[MATERIAL FOR THE TASK Boundary: Start]

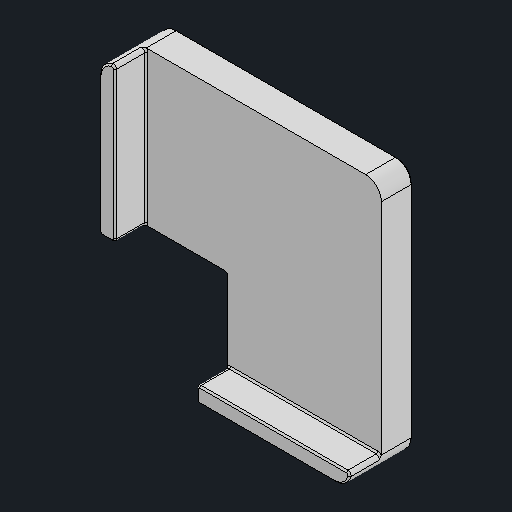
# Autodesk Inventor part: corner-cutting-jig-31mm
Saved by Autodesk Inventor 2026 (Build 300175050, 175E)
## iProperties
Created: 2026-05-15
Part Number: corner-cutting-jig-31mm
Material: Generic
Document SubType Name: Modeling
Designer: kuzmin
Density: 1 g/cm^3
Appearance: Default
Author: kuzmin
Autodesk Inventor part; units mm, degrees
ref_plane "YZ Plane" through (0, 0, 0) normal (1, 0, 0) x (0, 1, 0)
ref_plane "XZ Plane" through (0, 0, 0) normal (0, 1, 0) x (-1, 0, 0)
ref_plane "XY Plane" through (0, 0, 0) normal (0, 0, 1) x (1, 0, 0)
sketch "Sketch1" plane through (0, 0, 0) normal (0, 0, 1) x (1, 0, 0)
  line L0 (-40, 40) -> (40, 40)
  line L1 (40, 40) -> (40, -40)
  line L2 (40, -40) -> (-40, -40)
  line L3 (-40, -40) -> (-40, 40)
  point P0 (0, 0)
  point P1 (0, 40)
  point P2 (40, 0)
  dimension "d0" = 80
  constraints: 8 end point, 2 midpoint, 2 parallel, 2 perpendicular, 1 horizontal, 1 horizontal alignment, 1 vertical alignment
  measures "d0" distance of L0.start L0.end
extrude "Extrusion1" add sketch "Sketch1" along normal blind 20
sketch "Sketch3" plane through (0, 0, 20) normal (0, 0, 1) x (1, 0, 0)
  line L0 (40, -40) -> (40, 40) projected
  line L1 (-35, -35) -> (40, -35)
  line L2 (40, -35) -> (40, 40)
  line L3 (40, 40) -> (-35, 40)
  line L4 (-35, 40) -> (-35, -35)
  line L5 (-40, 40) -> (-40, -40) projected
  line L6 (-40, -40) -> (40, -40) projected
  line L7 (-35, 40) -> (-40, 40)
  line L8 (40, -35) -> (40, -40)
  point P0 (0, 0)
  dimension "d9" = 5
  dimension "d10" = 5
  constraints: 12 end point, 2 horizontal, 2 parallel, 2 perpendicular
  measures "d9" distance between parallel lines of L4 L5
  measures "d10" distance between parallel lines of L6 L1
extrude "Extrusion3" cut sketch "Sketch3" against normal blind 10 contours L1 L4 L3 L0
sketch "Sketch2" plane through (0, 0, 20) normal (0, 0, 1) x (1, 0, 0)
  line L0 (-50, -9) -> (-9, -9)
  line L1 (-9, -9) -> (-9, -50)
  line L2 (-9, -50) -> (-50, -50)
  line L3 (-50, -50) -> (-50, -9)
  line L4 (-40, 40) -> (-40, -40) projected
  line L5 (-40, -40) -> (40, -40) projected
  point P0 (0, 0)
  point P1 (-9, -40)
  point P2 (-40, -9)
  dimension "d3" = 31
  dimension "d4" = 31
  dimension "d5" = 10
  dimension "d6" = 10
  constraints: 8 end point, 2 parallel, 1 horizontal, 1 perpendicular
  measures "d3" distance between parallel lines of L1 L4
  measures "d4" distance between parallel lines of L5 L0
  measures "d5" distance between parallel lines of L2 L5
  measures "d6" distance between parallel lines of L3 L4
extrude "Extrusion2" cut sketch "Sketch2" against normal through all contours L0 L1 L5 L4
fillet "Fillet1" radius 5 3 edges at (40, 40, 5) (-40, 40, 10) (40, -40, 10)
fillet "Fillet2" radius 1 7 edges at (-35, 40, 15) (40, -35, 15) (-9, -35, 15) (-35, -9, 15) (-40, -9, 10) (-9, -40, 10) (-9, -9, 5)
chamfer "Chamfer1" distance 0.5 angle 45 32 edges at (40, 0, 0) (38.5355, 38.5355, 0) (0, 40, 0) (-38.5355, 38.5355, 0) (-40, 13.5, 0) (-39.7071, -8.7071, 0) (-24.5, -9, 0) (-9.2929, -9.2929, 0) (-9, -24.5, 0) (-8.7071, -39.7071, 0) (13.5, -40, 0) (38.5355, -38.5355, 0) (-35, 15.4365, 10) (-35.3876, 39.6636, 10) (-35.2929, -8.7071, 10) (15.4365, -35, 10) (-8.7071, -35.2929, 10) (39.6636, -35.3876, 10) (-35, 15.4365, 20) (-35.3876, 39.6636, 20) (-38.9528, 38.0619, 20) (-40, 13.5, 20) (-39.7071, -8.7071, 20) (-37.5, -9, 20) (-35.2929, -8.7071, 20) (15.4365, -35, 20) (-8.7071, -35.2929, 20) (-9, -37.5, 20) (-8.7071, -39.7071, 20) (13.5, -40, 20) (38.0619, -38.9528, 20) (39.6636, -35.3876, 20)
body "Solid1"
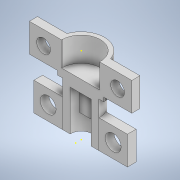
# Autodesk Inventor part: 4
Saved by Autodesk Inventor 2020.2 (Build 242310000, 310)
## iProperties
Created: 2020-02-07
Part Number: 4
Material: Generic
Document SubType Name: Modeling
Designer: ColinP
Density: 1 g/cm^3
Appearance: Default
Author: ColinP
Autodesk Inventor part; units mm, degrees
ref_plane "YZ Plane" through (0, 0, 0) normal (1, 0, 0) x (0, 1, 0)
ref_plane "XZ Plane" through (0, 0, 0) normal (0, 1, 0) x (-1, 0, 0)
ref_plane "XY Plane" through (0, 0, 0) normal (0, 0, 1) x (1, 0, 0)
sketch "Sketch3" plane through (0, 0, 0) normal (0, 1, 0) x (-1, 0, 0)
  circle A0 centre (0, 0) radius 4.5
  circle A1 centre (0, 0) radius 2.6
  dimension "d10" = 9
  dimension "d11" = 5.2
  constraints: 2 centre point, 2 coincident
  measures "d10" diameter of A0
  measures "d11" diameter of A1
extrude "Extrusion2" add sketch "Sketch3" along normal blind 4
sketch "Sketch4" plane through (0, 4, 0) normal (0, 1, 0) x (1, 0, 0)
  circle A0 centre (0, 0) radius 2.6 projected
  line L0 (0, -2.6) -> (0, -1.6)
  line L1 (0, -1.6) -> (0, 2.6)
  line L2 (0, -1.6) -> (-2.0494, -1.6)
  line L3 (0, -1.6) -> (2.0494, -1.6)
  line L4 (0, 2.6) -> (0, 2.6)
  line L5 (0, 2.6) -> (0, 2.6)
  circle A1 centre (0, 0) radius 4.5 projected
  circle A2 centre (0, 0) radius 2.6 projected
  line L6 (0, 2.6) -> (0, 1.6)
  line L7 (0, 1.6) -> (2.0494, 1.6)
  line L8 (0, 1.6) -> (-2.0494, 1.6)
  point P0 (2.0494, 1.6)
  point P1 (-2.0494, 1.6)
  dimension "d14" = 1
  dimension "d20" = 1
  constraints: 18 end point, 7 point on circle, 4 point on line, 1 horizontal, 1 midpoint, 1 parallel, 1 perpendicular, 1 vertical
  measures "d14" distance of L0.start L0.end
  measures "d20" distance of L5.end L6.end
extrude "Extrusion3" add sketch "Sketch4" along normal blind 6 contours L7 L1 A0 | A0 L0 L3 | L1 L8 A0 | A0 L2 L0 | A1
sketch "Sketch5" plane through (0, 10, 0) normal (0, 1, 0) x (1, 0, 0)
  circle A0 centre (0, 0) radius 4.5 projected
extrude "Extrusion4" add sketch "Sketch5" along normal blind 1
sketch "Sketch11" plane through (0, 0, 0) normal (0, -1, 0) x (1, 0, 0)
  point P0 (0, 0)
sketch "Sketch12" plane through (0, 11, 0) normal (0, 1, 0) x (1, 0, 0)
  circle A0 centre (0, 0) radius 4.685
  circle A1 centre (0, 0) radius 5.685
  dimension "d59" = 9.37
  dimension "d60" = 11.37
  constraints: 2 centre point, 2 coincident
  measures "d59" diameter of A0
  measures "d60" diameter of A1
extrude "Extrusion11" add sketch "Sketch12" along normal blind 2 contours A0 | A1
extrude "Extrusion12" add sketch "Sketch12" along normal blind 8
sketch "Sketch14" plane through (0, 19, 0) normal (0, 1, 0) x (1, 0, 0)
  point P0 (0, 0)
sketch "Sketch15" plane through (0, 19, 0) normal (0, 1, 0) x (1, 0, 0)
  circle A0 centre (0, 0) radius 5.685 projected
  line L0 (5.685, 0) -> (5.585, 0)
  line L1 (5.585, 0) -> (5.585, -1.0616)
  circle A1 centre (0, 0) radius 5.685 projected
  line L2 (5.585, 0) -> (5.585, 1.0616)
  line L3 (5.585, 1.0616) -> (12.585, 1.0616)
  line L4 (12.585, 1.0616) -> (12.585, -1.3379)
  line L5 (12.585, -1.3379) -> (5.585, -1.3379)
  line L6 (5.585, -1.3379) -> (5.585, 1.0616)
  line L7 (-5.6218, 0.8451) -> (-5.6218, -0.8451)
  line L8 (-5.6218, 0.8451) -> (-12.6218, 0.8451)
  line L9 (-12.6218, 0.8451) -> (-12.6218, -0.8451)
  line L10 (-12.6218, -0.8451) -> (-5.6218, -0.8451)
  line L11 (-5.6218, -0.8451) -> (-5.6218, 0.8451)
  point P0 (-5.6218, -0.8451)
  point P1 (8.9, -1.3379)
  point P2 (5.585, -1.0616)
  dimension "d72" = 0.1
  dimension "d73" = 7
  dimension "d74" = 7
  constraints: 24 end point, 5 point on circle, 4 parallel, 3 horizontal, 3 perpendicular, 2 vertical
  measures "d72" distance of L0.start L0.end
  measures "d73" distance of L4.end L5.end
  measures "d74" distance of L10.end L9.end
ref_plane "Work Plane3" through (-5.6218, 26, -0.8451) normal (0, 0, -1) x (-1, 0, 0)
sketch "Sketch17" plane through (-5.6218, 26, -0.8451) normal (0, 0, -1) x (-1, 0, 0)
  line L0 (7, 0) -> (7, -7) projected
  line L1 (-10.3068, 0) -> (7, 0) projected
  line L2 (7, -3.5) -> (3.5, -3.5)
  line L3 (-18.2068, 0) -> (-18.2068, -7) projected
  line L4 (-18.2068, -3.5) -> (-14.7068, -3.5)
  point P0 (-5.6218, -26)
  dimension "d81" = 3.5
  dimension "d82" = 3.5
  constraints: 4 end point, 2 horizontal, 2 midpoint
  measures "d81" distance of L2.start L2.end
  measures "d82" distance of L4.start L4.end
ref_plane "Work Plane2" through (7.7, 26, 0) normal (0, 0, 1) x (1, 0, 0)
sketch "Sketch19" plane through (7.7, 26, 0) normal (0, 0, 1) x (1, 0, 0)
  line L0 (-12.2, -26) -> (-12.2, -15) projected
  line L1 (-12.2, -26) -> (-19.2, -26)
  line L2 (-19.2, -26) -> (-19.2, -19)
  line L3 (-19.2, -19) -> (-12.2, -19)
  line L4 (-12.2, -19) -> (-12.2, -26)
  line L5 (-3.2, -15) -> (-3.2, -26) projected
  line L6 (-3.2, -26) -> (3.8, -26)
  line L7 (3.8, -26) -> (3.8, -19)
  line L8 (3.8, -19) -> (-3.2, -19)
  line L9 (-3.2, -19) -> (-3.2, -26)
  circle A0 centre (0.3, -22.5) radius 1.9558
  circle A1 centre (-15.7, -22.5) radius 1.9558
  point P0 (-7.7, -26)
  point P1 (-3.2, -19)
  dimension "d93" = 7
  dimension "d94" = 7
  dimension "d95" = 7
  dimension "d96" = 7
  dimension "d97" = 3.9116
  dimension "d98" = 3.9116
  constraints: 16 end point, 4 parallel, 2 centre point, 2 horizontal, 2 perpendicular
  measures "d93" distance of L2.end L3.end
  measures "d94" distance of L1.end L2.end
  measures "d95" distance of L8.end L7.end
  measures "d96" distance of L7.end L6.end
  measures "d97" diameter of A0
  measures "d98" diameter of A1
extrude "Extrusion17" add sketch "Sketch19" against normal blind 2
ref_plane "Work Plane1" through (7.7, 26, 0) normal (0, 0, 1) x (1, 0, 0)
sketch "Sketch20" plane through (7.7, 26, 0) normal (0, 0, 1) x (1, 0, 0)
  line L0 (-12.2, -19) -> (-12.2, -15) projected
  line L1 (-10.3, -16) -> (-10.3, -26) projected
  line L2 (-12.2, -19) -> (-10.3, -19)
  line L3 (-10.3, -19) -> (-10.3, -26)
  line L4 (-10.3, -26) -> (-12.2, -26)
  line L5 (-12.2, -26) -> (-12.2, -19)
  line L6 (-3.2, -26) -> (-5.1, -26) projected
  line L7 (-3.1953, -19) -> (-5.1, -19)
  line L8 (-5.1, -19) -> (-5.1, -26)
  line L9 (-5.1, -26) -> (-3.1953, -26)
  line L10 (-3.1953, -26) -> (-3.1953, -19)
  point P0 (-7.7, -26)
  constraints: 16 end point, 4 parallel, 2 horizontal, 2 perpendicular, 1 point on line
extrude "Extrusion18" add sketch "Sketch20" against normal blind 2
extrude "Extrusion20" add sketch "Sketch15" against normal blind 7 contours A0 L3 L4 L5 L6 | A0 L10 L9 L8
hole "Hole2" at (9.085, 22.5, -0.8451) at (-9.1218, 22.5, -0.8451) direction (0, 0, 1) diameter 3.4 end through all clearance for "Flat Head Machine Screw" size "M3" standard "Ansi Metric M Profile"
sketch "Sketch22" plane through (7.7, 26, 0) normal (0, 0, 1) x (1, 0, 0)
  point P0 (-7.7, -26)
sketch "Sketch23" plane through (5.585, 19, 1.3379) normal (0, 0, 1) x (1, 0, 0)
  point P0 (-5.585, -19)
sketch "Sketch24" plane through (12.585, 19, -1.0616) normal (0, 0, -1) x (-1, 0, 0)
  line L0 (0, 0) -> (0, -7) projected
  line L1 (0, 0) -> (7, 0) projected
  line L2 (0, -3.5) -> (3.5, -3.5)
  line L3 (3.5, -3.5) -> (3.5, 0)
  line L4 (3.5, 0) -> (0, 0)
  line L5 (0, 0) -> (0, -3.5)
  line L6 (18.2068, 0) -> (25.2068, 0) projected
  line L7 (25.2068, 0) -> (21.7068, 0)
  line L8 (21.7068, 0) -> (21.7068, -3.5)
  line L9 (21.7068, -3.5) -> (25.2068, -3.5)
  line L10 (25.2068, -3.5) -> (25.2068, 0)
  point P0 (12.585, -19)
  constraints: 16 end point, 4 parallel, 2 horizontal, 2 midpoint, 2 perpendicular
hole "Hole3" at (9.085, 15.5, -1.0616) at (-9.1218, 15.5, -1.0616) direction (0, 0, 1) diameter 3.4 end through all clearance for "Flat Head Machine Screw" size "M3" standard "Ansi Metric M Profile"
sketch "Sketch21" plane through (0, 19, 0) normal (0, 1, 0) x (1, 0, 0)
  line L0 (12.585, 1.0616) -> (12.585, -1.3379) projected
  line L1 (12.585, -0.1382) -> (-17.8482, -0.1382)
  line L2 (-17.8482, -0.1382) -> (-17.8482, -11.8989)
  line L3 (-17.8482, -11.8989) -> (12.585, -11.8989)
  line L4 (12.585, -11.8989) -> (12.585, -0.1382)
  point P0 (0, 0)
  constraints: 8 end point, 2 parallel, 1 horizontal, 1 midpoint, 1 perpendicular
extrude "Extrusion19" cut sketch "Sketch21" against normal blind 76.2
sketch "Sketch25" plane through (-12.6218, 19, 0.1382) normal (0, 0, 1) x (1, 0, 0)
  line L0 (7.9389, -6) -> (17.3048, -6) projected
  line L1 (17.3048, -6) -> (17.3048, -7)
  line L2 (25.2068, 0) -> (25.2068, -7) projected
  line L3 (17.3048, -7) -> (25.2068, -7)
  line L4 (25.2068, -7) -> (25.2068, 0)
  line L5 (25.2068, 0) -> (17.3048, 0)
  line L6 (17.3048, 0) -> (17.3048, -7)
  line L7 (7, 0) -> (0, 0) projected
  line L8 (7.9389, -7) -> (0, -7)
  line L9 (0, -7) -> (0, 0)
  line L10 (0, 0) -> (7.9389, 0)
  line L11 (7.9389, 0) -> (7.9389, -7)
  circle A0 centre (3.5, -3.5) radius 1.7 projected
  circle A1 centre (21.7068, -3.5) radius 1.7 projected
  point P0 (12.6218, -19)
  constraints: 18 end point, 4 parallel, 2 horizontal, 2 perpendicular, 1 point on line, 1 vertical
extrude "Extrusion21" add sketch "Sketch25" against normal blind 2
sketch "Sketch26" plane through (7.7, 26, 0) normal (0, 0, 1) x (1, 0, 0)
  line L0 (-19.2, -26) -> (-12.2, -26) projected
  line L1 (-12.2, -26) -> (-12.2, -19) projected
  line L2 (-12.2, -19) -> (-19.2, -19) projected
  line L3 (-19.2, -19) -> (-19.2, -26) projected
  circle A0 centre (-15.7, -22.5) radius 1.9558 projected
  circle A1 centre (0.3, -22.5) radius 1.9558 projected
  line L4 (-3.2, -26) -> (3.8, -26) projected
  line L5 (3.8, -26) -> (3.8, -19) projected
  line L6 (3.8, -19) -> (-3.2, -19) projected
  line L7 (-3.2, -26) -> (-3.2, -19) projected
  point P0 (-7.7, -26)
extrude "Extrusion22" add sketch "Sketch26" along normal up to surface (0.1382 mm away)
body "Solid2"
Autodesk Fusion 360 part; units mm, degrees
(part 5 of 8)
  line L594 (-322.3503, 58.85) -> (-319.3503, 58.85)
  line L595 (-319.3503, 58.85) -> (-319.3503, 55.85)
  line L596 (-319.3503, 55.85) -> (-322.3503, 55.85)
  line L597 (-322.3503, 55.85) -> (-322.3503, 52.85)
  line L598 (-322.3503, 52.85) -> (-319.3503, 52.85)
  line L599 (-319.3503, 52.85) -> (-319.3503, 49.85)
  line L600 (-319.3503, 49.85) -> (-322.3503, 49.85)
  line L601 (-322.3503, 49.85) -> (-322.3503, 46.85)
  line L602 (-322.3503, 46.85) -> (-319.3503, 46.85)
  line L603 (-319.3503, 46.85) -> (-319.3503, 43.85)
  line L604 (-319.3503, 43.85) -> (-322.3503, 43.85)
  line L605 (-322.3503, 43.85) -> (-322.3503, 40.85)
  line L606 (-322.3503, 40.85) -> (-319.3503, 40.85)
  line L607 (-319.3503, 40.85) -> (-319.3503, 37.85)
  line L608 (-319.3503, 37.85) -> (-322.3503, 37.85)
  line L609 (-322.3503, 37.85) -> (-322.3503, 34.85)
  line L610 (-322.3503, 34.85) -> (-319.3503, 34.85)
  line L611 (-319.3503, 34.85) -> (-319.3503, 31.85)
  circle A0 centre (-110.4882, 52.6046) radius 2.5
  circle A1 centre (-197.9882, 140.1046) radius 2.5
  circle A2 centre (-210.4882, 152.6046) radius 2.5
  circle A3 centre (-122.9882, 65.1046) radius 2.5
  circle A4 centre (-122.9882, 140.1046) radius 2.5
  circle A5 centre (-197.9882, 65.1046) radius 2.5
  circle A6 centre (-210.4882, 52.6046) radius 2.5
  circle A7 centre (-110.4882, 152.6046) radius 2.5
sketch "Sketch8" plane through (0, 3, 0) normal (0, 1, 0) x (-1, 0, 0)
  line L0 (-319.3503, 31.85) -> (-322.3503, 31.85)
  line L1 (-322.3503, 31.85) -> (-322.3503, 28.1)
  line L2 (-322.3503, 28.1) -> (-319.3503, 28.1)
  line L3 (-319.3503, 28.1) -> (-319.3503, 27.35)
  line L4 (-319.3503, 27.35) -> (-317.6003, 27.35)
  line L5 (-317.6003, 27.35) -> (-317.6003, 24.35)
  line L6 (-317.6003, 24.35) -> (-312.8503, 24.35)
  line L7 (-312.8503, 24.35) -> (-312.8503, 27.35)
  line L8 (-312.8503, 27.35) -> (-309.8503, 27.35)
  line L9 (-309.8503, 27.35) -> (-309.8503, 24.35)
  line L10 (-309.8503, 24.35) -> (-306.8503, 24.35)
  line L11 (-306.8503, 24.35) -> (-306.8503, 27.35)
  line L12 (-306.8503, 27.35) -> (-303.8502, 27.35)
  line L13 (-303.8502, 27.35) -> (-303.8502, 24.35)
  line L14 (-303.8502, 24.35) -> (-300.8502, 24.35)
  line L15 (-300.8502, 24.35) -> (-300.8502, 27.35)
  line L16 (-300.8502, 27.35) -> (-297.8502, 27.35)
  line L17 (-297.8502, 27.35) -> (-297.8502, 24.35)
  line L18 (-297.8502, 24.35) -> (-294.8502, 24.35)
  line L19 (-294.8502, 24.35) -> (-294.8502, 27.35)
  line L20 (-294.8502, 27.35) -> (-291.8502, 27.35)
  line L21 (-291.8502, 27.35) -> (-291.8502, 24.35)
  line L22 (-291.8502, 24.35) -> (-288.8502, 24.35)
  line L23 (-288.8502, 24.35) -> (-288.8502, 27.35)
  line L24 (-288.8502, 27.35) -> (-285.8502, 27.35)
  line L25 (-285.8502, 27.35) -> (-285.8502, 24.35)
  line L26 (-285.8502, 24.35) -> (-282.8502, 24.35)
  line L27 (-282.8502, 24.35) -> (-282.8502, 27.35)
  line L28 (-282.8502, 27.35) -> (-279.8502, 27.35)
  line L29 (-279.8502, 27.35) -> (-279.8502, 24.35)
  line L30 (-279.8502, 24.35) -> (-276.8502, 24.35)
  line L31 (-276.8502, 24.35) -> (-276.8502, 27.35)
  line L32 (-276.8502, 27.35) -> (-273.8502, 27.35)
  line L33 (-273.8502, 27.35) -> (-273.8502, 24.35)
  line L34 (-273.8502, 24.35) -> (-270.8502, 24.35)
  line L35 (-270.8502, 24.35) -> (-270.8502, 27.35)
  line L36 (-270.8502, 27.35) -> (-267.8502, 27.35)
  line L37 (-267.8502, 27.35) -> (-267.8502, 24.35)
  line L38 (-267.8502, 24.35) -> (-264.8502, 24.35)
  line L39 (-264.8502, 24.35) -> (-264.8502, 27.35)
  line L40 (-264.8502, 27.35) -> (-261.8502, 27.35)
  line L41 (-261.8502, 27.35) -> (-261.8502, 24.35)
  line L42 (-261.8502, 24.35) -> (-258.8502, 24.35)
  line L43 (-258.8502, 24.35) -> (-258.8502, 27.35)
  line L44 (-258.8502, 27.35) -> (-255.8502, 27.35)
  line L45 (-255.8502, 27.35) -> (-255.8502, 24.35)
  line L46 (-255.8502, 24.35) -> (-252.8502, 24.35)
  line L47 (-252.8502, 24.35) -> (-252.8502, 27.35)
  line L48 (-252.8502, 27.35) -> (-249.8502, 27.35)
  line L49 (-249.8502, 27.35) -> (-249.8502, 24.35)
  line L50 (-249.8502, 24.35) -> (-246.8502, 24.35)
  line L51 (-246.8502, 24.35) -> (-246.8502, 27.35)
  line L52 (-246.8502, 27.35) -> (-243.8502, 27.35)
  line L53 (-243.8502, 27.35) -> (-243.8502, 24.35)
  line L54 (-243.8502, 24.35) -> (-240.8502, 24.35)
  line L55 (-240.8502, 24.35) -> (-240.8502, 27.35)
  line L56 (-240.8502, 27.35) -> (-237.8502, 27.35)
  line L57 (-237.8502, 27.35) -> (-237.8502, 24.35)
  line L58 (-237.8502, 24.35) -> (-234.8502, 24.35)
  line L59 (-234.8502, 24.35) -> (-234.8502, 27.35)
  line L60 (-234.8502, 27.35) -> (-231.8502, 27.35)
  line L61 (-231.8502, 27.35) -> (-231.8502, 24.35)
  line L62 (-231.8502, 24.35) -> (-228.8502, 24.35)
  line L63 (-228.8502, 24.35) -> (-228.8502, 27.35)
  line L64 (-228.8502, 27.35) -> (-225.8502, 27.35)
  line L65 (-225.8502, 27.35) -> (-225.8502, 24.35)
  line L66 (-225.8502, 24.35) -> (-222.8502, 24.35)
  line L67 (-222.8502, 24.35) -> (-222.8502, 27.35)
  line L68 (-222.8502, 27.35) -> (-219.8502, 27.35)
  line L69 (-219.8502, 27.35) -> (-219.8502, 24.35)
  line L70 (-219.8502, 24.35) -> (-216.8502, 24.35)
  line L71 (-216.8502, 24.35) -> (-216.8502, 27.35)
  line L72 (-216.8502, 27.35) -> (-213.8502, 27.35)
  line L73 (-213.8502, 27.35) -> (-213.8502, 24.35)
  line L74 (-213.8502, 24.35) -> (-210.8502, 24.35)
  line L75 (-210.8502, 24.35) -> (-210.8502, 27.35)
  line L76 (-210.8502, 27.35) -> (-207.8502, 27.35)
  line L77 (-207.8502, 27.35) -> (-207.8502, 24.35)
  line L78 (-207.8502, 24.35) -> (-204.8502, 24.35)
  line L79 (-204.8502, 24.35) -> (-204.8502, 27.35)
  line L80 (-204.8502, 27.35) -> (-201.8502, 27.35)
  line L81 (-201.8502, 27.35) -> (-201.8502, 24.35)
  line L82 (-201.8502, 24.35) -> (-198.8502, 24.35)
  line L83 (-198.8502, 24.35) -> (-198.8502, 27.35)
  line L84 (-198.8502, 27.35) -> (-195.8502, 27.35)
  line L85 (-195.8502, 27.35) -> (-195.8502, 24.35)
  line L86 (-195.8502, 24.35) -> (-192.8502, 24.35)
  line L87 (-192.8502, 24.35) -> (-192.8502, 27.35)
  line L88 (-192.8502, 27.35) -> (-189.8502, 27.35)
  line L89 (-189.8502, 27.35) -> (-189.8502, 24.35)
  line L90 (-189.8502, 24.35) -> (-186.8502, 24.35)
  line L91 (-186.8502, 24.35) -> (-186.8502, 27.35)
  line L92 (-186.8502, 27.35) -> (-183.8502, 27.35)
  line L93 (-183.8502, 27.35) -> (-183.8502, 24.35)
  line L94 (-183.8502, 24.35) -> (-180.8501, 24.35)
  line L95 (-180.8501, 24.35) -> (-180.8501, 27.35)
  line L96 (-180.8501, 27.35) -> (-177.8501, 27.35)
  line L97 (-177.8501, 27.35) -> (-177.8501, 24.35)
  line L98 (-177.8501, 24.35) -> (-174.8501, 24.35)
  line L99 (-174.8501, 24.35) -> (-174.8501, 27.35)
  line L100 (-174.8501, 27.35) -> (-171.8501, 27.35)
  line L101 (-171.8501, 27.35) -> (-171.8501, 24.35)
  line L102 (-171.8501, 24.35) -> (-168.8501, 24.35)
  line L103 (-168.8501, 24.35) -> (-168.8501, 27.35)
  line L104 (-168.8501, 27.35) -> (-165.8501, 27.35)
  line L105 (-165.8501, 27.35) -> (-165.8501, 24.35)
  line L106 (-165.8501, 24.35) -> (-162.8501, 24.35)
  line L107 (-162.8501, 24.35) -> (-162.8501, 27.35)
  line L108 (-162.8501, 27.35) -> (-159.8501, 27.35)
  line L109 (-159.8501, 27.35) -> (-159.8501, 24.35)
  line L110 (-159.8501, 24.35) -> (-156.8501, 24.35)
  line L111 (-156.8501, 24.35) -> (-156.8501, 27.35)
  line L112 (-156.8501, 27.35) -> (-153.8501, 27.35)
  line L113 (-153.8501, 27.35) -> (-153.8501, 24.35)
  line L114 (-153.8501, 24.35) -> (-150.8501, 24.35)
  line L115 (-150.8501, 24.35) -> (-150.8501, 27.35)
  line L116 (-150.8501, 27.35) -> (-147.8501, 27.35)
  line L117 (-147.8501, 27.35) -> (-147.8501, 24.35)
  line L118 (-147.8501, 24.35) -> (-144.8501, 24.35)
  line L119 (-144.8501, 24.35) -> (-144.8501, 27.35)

[MATERIAL FOR THE TASK Boundary: End]

Taking the entries above, write out exactly the lines starting with the line containing "line L30 (-279.8502, 24.35)" and going on through the line containing "line L46 (-255.8502, 24.35)", both included, and nothing else.

  line L30 (-279.8502, 24.35) -> (-276.8502, 24.35)
  line L31 (-276.8502, 24.35) -> (-276.8502, 27.35)
  line L32 (-276.8502, 27.35) -> (-273.8502, 27.35)
  line L33 (-273.8502, 27.35) -> (-273.8502, 24.35)
  line L34 (-273.8502, 24.35) -> (-270.8502, 24.35)
  line L35 (-270.8502, 24.35) -> (-270.8502, 27.35)
  line L36 (-270.8502, 27.35) -> (-267.8502, 27.35)
  line L37 (-267.8502, 27.35) -> (-267.8502, 24.35)
  line L38 (-267.8502, 24.35) -> (-264.8502, 24.35)
  line L39 (-264.8502, 24.35) -> (-264.8502, 27.35)
  line L40 (-264.8502, 27.35) -> (-261.8502, 27.35)
  line L41 (-261.8502, 27.35) -> (-261.8502, 24.35)
  line L42 (-261.8502, 24.35) -> (-258.8502, 24.35)
  line L43 (-258.8502, 24.35) -> (-258.8502, 27.35)
  line L44 (-258.8502, 27.35) -> (-255.8502, 27.35)
  line L45 (-255.8502, 27.35) -> (-255.8502, 24.35)
  line L46 (-255.8502, 24.35) -> (-252.8502, 24.35)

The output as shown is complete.